Site speed has become an essential ranking signal for Google over the past few years. The rate at which your pages load has become a hallmark of good user experience as far as the search giant is concerned. Sites that have optimized their loading times now have a distinct advantage over their competitors, especially in SERPs for highly competitive keywords.

There are several factors that influence your site speed. These include:

  • Server performance
  • Design and layout
  • Traffic volume
  • File types and sizes used
  • Applications running
  • Browser compatibility
  • Caching
  • Cleanliness of code

Fortunately, Google has made it quick and easy to check for potential site speed issues. Simply go to Google Page Speed Insights and enter your homepage’s URL in the field and hit Enter.

14-pagespeed-insights

The ideal score is 85/100 or higher. Obviously, this site needs just a tiny bit of improvement to get on that level. Good thing Page Speed Insights will also provide a list of recommendations on how to boost your site speed when you scroll down. Note that most of the recommendations will likely require the participation of your web development and design personnel.

Mobile Friendliness

As mobile devices overtook their desktop counterparts in Google queries, the Big G decided that a site’s mobile-friendliness should be made a factor in its mobile  SERPs. After all, there are few things as annoying as opening a search listing in your phone or tablet only to find out that you have to keep zooming the display to read the text.

Last year, Google introduced the mobile-friendly update that SEOs dubbed “Mobilegeddon.” This update favored sites with responsive and adaptive designs over sites that didn’t. This forced the hand of many webmasters to update their designs and avert the possibility of missing out on mobile traffic.

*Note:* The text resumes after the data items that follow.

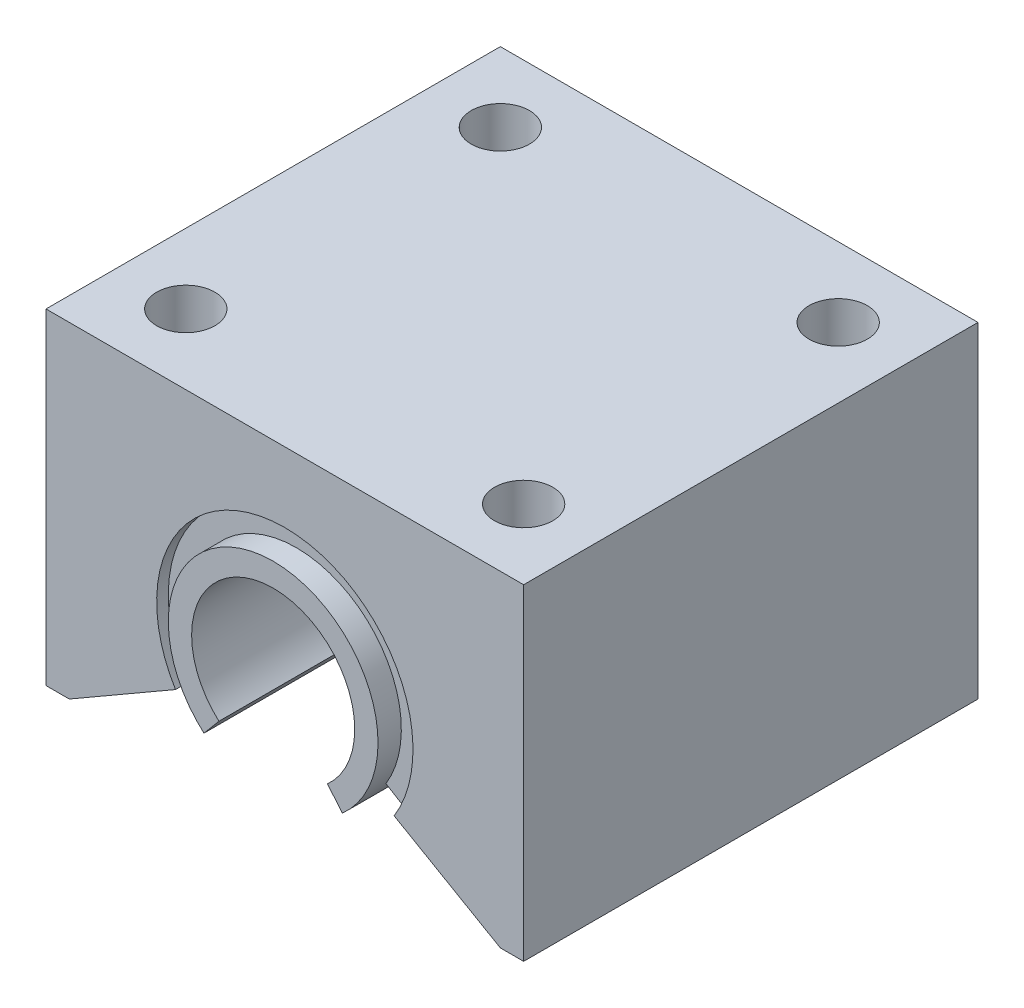
SolidWorks part; units mm, degrees
ref_plane "Front Plane" through (0, 0, 0) normal (0, 0, 1) x (1, 0, 0)
ref_plane "Top Plane" through (0, 0, 0) normal (0, 1, 0) x (1, 0, 0)
ref_plane "Right Plane" through (0, 0, 0) normal (1, 0, 0) x (0, 0, -1)
sketch "Sketch1" plane through (0, 0, 0) normal (0, 0, 1) x (1, 0, 0)
  line L1 (-20.5, 14) -> (20.5, 14)
  line L2 (-20.5, 14) -> (-20.5, -14)
  line L3 (-20.5, -14) -> (-18.5, -14)
  line L4 (20.5, 14) -> (20.5, -14)
  line L5 (-20.5, 14) -> (20.5, -14) construction
  line L6 (-20.5, -14) -> (20.5, 14) construction
  line L7 (0, 0) -> (0, -20.1822) construction
  line L9 (-18.5, -14) -> (-9.3851, -8.7375)
  line L10 (18.5, -14) -> (9.3851, -8.7375)
  line L11 (18.5, -14) -> (20.5, -14)
  arc A0 (9.3851, -8.7375) -> (-9.3851, -8.7375) centre (0, -3) ccw
  point P0 (0, 0)
  dimension "D3" = 11
  dimension "D1" = 41
  dimension "D2" = 28
  dimension "D4" = 2
extrude "Boss-Extrude1" add sketch "Sketch1" along normal blind 39
sketch "Sketch2" plane through (0, 0, 0) normal (0, 0, 1) x (1, 0, 0)
  line L0 (-9.3851, -8.7375) -> (-7.6787, -7.6943)
  line L2 (9.3851, -8.7375) -> (7.6787, -7.6943)
  arc A0 (9.3851, -8.7375) -> (-9.3851, -8.7375) centre (0, -3) ccw
  arc A1 (7.6787, -7.6943) -> (-7.6787, -7.6943) centre (0, -3) ccw
  circle A3 centre (0, -3) radius 9 construction
  circle A4 centre (0, -3) radius 11 construction
  point P4 (10.5194, 0.2161)
  point P11 (9, -3)
  dimension "D1" = 2
extrude "Boss-Extrude3" add sketch "Sketch2" along normal blind 37 from offset 1 separate body
sketch "Sketch3" plane through (0, 0, 0) normal (0, 0, 1) x (1, 0, 0)
  line L0 (0, -3) -> (0, -16.4583) construction
  line L1 (-5.9419, -9.7597) -> (-4.6559, -8.2271)
  line L2 (5.9419, -9.7597) -> (4.6559, -8.2271)
  arc A0 (5.9419, -9.7597) -> (-5.9419, -9.7597) centre (0, -3) ccw
  arc A1 (4.6559, -8.2271) -> (-4.6559, -8.2271) centre (0, -3) ccw
  circle A3 centre (0, -3) radius 7 construction
  circle A4 centre (0, -3) radius 9 construction
  point P5 (8.6067, -0.3687)
  point P6 (7, -3)
  dimension "D1" = 2
extrude "Boss-Extrude4" add sketch "Sketch3" along normal blind 41 from offset 1 offset against normal yes
sketch "Sketch4" plane through (0, 14, 0) normal (0, 1, 0) x (1, 0, 0)
  line L0 (20.5, -39) -> (-20.5, -39) construction
  line L5 (20.5, -39) -> (20.5, 0) construction
  circle A0 centre (-14.5, -6) radius 2.5
  circle A1 centre (14.5, -6) radius 2.5
  circle A2 centre (14.5, -33) radius 2.5
  circle A3 centre (-14.5, -33) radius 2.5
  point P13 (-20.5, -31.5558)
  point P14 (-20.5, -30.3839)
  dimension "D1" = 5
  dimension "D2" = 6
  dimension "D3" = 6
  dimension "D6" = 6
  dimension "D7" = 6
  dimension "D8" = 27
  dimension "D9" = 29
  dimension "D4" = 2
  dimension "D5" = 2
extrude "Cut-Extrude1" cut sketch "Sketch4" against normal blind 10
hole_wizard "Tap Drill for M5x0.8 Tap1" positions "Sketch7" profile "Sketch8" hole size "M5x0.8" standard "ANSI Metric"
sketch "Sketch7" plane through (0, 4, 0) normal (0, 1, 0) x (1, 0, 0)
  point P0 (-14.5, -33)
  point P3 (-14.5, -6)
  point P6 (14.5, -6)
  point P9 (14.5, -33)
sketch "Sketch8" plane through (-14.5, 4, 33) normal (1, 0, 0) x (0, 0, 1)
  line L0 (0, 0) -> (0, 1.3118)
  line L1 (0, 1.3118) -> (2.1, 0.05)
  line L2 (2.1, 0.05) -> (2.1, 0.025)
  line L3 (2.1, 0.025) -> (2.125, 0)
  line L5 (2.125, 0) -> (0, 0)
  line L6 (-2.1, 0.025) -> (-2.125, 0) construction
  line L10 (0, 1.3118) -> (-2.1, 0.05) construction
  line L11 (0, -6.35) -> (0, 107.95) construction
  dimension "Hole Dia." = 4.2
  dimension "Hole Depth" = 0.05
  dimension "Near C'Sink Dia." = 4.25
  dimension "Near C'Sink Angle" = 90
  dimension "Drill Angle" = 118
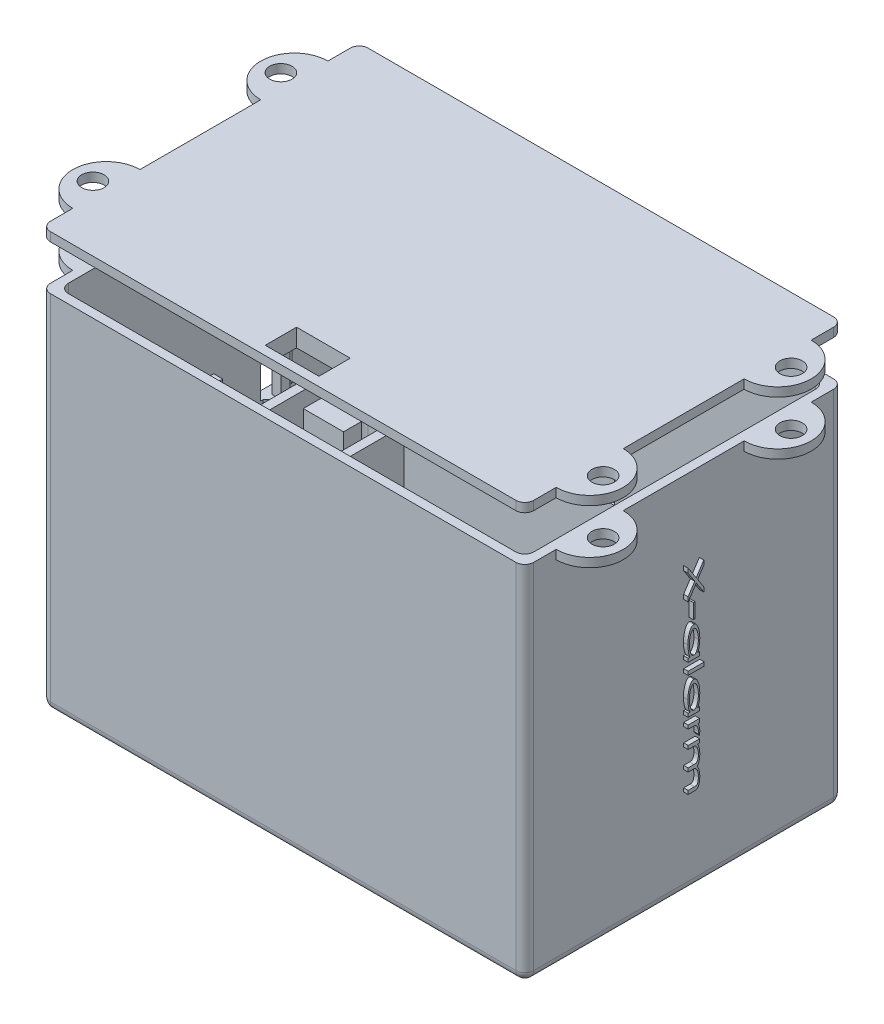
SolidWorks part; units mm, degrees
ref_plane "Top Plane" through (0, 0, 0) normal (0, 0, 1) x (1, 0, 0)
ref_plane "Front Plane" through (0, 0, 0) normal (0, 1, 0) x (1, 0, 0)
ref_plane "Right Plane" through (0, 0, 0) normal (1, 0, 0) x (0, 0, -1)
sketch "Sketch1" plane through (0, 0, 0) normal (0, 1, 0) x (1, 0, 0)
  line L9 (-54, -35.5) -> (54, -35.5)
  line L10 (-54, -35.5) -> (-54, 35.5)
  line L19 (-54, 35.5) -> (54, 35.5)
  line L20 (54, -35.5) -> (54, 35.5)
  line L21 (-52, 33.5) -> (52, 33.5)
  line L22 (-52, 33.5) -> (-52, -33.5)
  line L27 (-52, -33.5) -> (52, -33.5)
  line L28 (52, 33.5) -> (52, -33.5)
  line L29 (-52, 33.5) -> (52, -33.5) construction
  line L30 (-52, -33.5) -> (52, 33.5) construction
  point P0 (0, 0)
  point P1 (0, 0)
  point P6 (0, 0)
extrude "box" add sketch "Sketch1" along normal blind 81
sketch "Sketch3" plane through (0, 0, 0) normal (0, -1, 0) x (1, 0, 0)
  line L1 (-54, -35.5) -> (54, -35.5)
  line L2 (-54, -35.5) -> (-54, 35.5)
  line L3 (-54, 35.5) -> (54, 35.5)
  line L4 (54, -35.5) -> (54, 35.5)
extrude "front" add sketch "Sketch3" against normal blind 2
fillet "Fillet" radius 2 4 edges at (54, 40.5, -35.5) (-54, 40.5, 35.5) (-54, 40.5, -35.5) (54, 40.5, 35.5)
fillet "Fillet_in" radius 2 4 edges at (-52, 41.5, 33.5) (52, 41.5, 33.5) (-52, 41.5, -33.5) (52, 41.5, -33.5)
fillet "Fillet2" radius 2 8 edges at (-53.4142, 0, 34.9142) (-53.4142, 0, -34.9142) (53.4142, 0, -34.9142) (53.4142, 0, 34.9142) (54, 0, 0) (0, 0, -35.5) (-54, 0, 0) (0, 0, 35.5)
fillet "Fillet2_in" radius 2 8 edges at (51.4142, 2, -32.9142) (51.4142, 2, 32.9142) (-51.4142, 2, 32.9142) (-51.4142, 2, -32.9142) (52, 2, 0) (0, 2, 33.5) (-52, 2, 0) (0, 2, -33.5)
sketch "Sketch4" plane through (0, 0, 0) normal (0, -1, 0) x (1, 0, 0)
  line L1 (-48.5, 20) -> (48.5, 20)
  line L2 (-48.5, 20) -> (-48.5, -20)
  line L3 (-48.5, -20) -> (48.5, -20)
  line L4 (48.5, 20) -> (48.5, -20)
  line L5 (-48.5, 20) -> (48.5, -20) construction
  line L6 (-48.5, -20) -> (48.5, 20) construction
  point P0 (0, 0)
extrude "lcd" cut sketch "Sketch4" against normal blind 54 and the other way blind 37
sketch "Sketch5" plane through (0, 0, 0) normal (0, -1, 0) x (1, 0, 0)
  circle A0 centre (-46, 27.5) radius 2
extrude "lcd_hole" cut sketch "Sketch5" against normal blind 142 and the other way blind 41
mirror "Mirror_for_lcd_holes" about plane through (0, 0, 0) normal (1, 0, 0) of "lcd_hole"
mirror "Mirror_for_lcd_holes2" about plane through (0, 0, 0) normal (0, 0, 1) of "Mirror_for_lcd_holes", "lcd_hole"
sketch "Sketch6" plane through (0, 0, -33.5) normal (0, 0, 1) x (1, 0, 0)
  line L0 (-52, 81) -> (52, 2) construction
  line L1 (-5, 49) -> (5, 49)
  line L2 (-5, 49) -> (-5, 34)
  line L3 (-5, 34) -> (5, 34)
  line L4 (5, 49) -> (5, 34)
  line L5 (-52, 2) -> (52, 81) construction
  line L6 (-5, 49) -> (5, 34) construction
  line L7 (-5, 34) -> (5, 49) construction
  point P10 (0, 41.5)
  point P11 (0, 41.5)
extrude "senceor" cut sketch "Sketch6" against normal blind 0.5
ref_plane "Plane_for_back" through (0, 91, 0) normal (0, 1, 0) x (1, 0, 0)
sketch "Sketch9" plane through (0, 91, 0) normal (0, 1, 0) x (1, 0, 0)
  line L1 (54, -35.5) -> (-54, -35.5)
  line L2 (54, -35.5) -> (54, 35.5)
  line L3 (54, 35.5) -> (-54, 35.5)
  line L4 (-54, -35.5) -> (-54, 35.5)
  line L5 (54, -35.5) -> (-54, 35.5) construction
  line L6 (54, 35.5) -> (-54, -35.5) construction
  line L7 (-4.0052, 35.5) -> (4.0052, 35.5)
  line L8 (-4.0052, 35.5) -> (4.0052, 35.5)
  point P0 (0, 0)
extrude "back" add sketch "Sketch9" along normal blind 2 separate body
fillet "Fillet_back" radius 2 4 edges at (54, 92, -35.5) (54, 92, 35.5) (-54, 92, 35.5) (-54, 92, -35.5)
sketch "Sketch10" plane through (0, 93, 0) normal (0, 1, 0) x (1, 0, 0)
  line L0 (-54, -33.5) -> (-54, 33.5) construction
  line L1 (-54, 28.5) -> (-54, 13.5)
  arc A0 (-54, 28.5) -> (-54, 13.5) centre (-54, 21) ccw
extrude "for_holes" add sketch "Sketch10" against normal blind 2
sketch "Sketch11" plane through (0, 93, 0) normal (0, 1, 0) x (1, 0, 0)
  circle A1 centre (-57, 21) radius 2.5
extrude "holes" cut sketch "Sketch11" against normal blind 2
mirror "Mirror_for_holes1_1" about plane through (0, 0, 0) normal (1, 0, 0) of "for_holes", "holes"
mirror "Mirror_for_holes1_2" about plane through (0, 0, 0) normal (0, 0, 1) of "Mirror_for_holes1_1", "for_holes", "holes"
sketch "Sketch12" plane through (0, 81, 0) normal (0, 1, 0) x (1, 0, 0)
  line L0 (-54, 28.5) -> (-54, 13.5)
  arc A0 (-54, 13.5) -> (-54, 28.5) centre (-54, 21) cw
  arc A1 (-54, 28.5) -> (-54, 13.5) centre (-54, 21) ccw construction
extrude "for_holes2" add sketch "Sketch12" against normal blind 2
sketch "Sketch13" plane through (0, 81, 0) normal (0, 1, 0) x (1, 0, 0)
  circle A0 centre (-57, 21) radius 2.5
extrude "holes2" cut sketch "Sketch13" against normal blind 2
mirror "Mirror_for_holes2_1" about plane through (0, 0, 0) normal (1, 0, 0) of "holes2", "for_holes2"
mirror "Mirror_for_holes2_2" about plane through (0, 0, 0) normal (0, 0, 1) of "Mirror_for_holes2_1", "for_holes2", "holes2"
sketch "Sketch15" plane through (-54, 0, 0) normal (-1, 0, 0) x (0, 0, 1)
  line L1 (-3.5, 36.729) -> (3.5, 36.729)
  line L2 (-3.5, 36.729) -> (-3.5, 43.729)
  line L3 (-3.5, 43.729) -> (3.5, 43.729)
  line L4 (3.5, 36.729) -> (3.5, 43.729)
  line L5 (-3.5, 36.729) -> (3.5, 43.729) construction
  line L6 (-3.5, 43.729) -> (3.5, 36.729) construction
  line L7 (-18.5, 36.729) -> (-11.5, 36.729)
  line L8 (-18.5, 36.729) -> (-18.5, 43.729)
  line L9 (-18.5, 43.729) -> (-11.5, 43.729)
  line L10 (-11.5, 36.729) -> (-11.5, 43.729)
  line L11 (-18.5, 36.729) -> (-11.5, 43.729) construction
  line L12 (-18.5, 43.729) -> (-11.5, 36.729) construction
  circle A2 centre (15, 40.229) radius 4
  point P0 (0, 40.229)
  point P8 (-15, 40.229)
  dimension "D1" = 15
  dimension "D2" = 15
  dimension "D3" = 8
  dimension "D4" = 7
  dimension "D5" = 7
  dimension "D6" = 7
  dimension "D7" = 7
extrude "datchiki" cut sketch "Sketch15" against normal blind 2
sketch "Sketch17" plane through (-52, 0, 0) normal (1, 0, 0) x (0, 0, -1)
  line L1 (1, 47.229) -> (-1, 47.229)
  line L2 (1, 47.229) -> (1, 33.229)
  line L3 (1, 33.229) -> (-1, 33.229)
  line L4 (-1, 47.229) -> (-1, 33.229)
  line L5 (1, 47.229) -> (-1, 33.229) construction
  line L6 (1, 33.229) -> (-1, 47.229) construction
  line L7 (-8.5, 33.729) -> (-21.5, 33.729)
  line L8 (-8.5, 33.729) -> (-8.5, 46.729)
  line L9 (-8.5, 46.729) -> (-21.5, 46.729)
  line L10 (-21.5, 33.729) -> (-21.5, 46.729)
  line L11 (-8.5, 33.729) -> (-21.5, 46.729) construction
  line L12 (-8.5, 46.729) -> (-21.5, 33.729) construction
  line L13 (-6.5, 31.729) -> (-23.5, 31.729)
  line L14 (-6.5, 31.729) -> (-6.5, 48.729)
  line L15 (-6.5, 48.729) -> (-23.5, 48.729)
  line L16 (-23.5, 31.729) -> (-23.5, 48.729)
  line L17 (-6.5, 31.729) -> (-23.5, 48.729) construction
  line L18 (-6.5, 48.729) -> (-23.5, 31.729) construction
  line L19 (16, 33.229) -> (14, 33.229)
  line L20 (16, 33.229) -> (16, 47.229)
  line L21 (16, 47.229) -> (14, 47.229)
  line L22 (14, 33.229) -> (14, 47.229)
  line L23 (16, 33.229) -> (14, 47.229) construction
  line L24 (16, 47.229) -> (14, 33.229) construction
  point P0 (0, 40.229)
  point P5 (-15, 40.229)
  point P11 (-15, 40.229)
  point P16 (15, 40.229)
  dimension "D1" = 15
  dimension "D2" = 15
  dimension "D3" = 2
  dimension "D4" = 2
  dimension "D5" = 14
  dimension "D6" = 14
  dimension "D7" = 13
  dimension "D8" = 17
  dimension "D9" = 17
  dimension "D10" = 13
extrude "knopki" add sketch "Sketch17" along normal blind 2 separate body
sketch "Sketch18" plane through (54, 0, 0) normal (1, 0, 0) x (0, 0, -1)
  line L0 (0, 81) -> (0, 2) construction
  line L1 (-13.5, 81) -> (13.5, 81) construction
  line L2 (-33.5, 2) -> (33.5, 2) construction
  text T0 "X-alarm" font "Century Gothic" height 3.5
extrude "Alarm" add sketch "Sketch18" along normal blind 1
sketch "Sketch19" plane through (0, 91, 0) normal (0, -1, 0) x (1, 0, 0)
  line L9 (-52, -33.5) -> (52, -33.5)
  line L10 (-52, -33.5) -> (-52, 33.5)
  line L11 (-52, 33.5) -> (52, 33.5)
  line L12 (52, -33.5) -> (52, 33.5)
extrude "back_fixed" add sketch "Sketch19" along normal blind 2
fillet "back_fixed_fillet" radius 2 4 edges at (-52, 90, 33.5) (52, 90, 33.5) (52, 90, -33.5) (-52, 90, -33.5)
sketch "Sketch20" plane through (0, 33.229, 0) normal (0, -1, 0) x (1, 0, 0)
  line L0 (-50, 1) -> (-52, 1)
  line L1 (-52, 1) -> (-52, 3)
  line L2 (-52, 3) -> (-50, 1)
  line L3 (-50, -14) -> (-52, -14)
  line L4 (-50, -14) -> (-52, -14) construction
  line L5 (-52, -14) -> (-52, -16) construction
  line L6 (-52, -14) -> (-52, -12)
  line L7 (-52, -12) -> (-50, -14)
extrude "podd" add sketch "Sketch20" against normal blind 3.5
sketch "Sketch24" plane through (0, 47.229, 0) normal (0, 1, 0) x (1, 0, 0)
  line L0 (-52, 14) -> (-50, 14)
  line L1 (-50, 14) -> (-52, 12)
  line L2 (-52, 12) -> (-52, 14)
  line L3 (-52, -1) -> (-50, -1)
  line L4 (-50, -1) -> (-52, -3)
  line L5 (-52, -3) -> (-52, -1)
extrude "podd2" add sketch "Sketch24" against normal blind 3.5
sketch "Sketch25" plane through (0, 48.729, 0) normal (0, 1, 0) x (1, 0, 0)
  line L0 (-52, -23.5) -> (-50, -23.5)
  line L1 (-50, -23.5) -> (-52, -25.5)
  line L2 (-52, -25.5) -> (-52, -23.5)
extrude "podd3" add sketch "Sketch25" against normal blind 17
sketch "Sketch22" plane through (0, 0, 33.5) normal (0, 0, -1) x (-1, 0, 0)
  line L1 (10, 31) -> (-10, 31)
  line L2 (10, 31) -> (10, 78)
  line L4 (-10, 31) -> (-10, 78)
  line L5 (10, 31) -> (-10, 78) construction
  line L6 (10, 78) -> (-10, 31) construction
  line L7 (10, 78) -> (8, 78)
  line L8 (8, 78) -> (8, 33)
  line L9 (8, 33) -> (-8, 33)
  line L10 (-8, 33) -> (-8, 78)
  line L11 (-8, 78) -> (-10, 78)
  point P0 (0, 54.5)
  dimension "D1" = 47
  dimension "D2" = 45
  dimension "D3" = 47
  dimension "D4" = 45
  dimension "D5" = 2
  dimension "D6" = 2
extrude "ardxuino" add sketch "Sketch22" along normal blind 15
sketch "Sketch23" plane through (0, 33, 0) normal (0, 1, 0) x (1, 0, 0)
  line L0 (-50, -33.5) -> (50, -33.5) construction
  line L1 (-4.5, -22.5) -> (4.5, -22.5)
  line L2 (-4.5, -22.5) -> (-4.5, -26.5)
  line L3 (-4.5, -26.5) -> (4.5, -26.5)
  line L4 (4.5, -22.5) -> (4.5, -26.5)
  line L5 (-8, -18.5) -> (-8, -33.5) construction
  line L6 (8, -18.5) -> (8, -33.5) construction
  dimension "D1" = 7
  dimension "D2" = 9
  dimension "D3" = 4
  dimension "D4" = 3.5
  dimension "D5" = 3.5
extrude "arduino2" add sketch "Sketch23" along normal blind 45
sketch "Sketch27" plane through (0, 89, 0) normal (0, -1, 0) x (1, 0, 0)
  line L0 (-10, 18.5) -> (-10, 33.5) construction
  line L1 (-6, 33.5) -> (6, 33.5)
  line L2 (-6, 33.5) -> (-6, 26.5)
  line L3 (-6, 26.5) -> (6, 26.5)
  line L4 (6, 33.5) -> (6, 26.5)
  line L5 (10, 18.5) -> (10, 33.5) construction
  line L6 (10, 33.5) -> (-10, 33.5) construction
  dimension "D1" = 12
  dimension "D2" = 7
  dimension "D3" = 4
  dimension "D4" = 4
  dimension "D5" = 0
extrude "port" cut sketch "Sketch27" against normal blind 4
sketch "Sketch28" plane through (10, 0, 0) normal (1, 0, 0) x (0, 0, -1)
  line L0 (-18.5, 31) -> (-33.5, 31)
  line L1 (-33.5, 31) -> (-33.5, 21)
  line L2 (-33.5, 21) -> (-18.5, 31)
extrude "podd_arduino" add sketch "Sketch28" against normal blind 20

You can check if your site is mobile friendly with the Google Mobile Friendly Test tool. Similar to Page Speed Insights, all you need to do is enter your home page URL and wait for the app to process some data.

15-mobile-friendly-test

Luckily, most modern CMS platforms come with themes that are mobile friendly out of the box. If your current design isn’t mobile friendly, ask yourself and consult your company’s management on the importance of ranking in mobile SERPs to your organization. While more organic traffic is usually better, there are some companies that don’t really want or need mobile traffic. Also, keep in mind that not being mobile-friendly should not affect your site’s search visibility on desktop SERPs.

URL Structure

How your URLs are written also has an impact on your pages’ ranking performance. Ideally, your URLs should contain words that even human readers will understand instead of alphanumeric strings. Just like title tags, the URL slugs should mention the page’s main keyword and give users an idea of what it’s about.

You can check how your URLs look simply by examining your XML sitemap. A non-SEO friendly URL would look something like this:

www.example.com/2016-10-30-001

A SEO-friendly URL, on the other hand, would look like this:

www.glendemands.com/creating-useful-and-persuasive-headlines/

You can bulk check your site’s list of URLs by opening its XML sitemaps in Excel.  If your site’s URLs are not SEO-friendly, it may be time to have a conversation with your developers about it. This can be quite a project for bigger sites, but it has to be addressed sooner than later. Correcting an issue like this would likely involve the creation of SEO-friendly versions of all your site’s pages. The old ones with non-friendly URLs will then have to be 301 redirected to the new ones.

Secure URLs

Using secure (https) URLs was made a ranking signal a couple of years ago by Google. According to the search giant, data integrity and the security of online transactions were the primary reasons for rewarding sites that use encryption. While the ranking benefits seem to be minor, having the smallest advantage can separate your site from the rest of the pack in highly competitive SERPs.

16-ssl

Checking whether a site uses secure URLs or not requires no specialized tools or processes. Simply check out the URL field in the browser and look for the green pad lock icon. If it isn’t there, it means you are either not using secure URLs or it’s not set up correctly.

Title Tags

The title tag is the most powerful on-page ranking element to this day. This is the text that’s present in the HTML header of every webpage but is invisible within the browser window. Title tags are used by search engines as the listing headlines for pages they index and display in their SERPs.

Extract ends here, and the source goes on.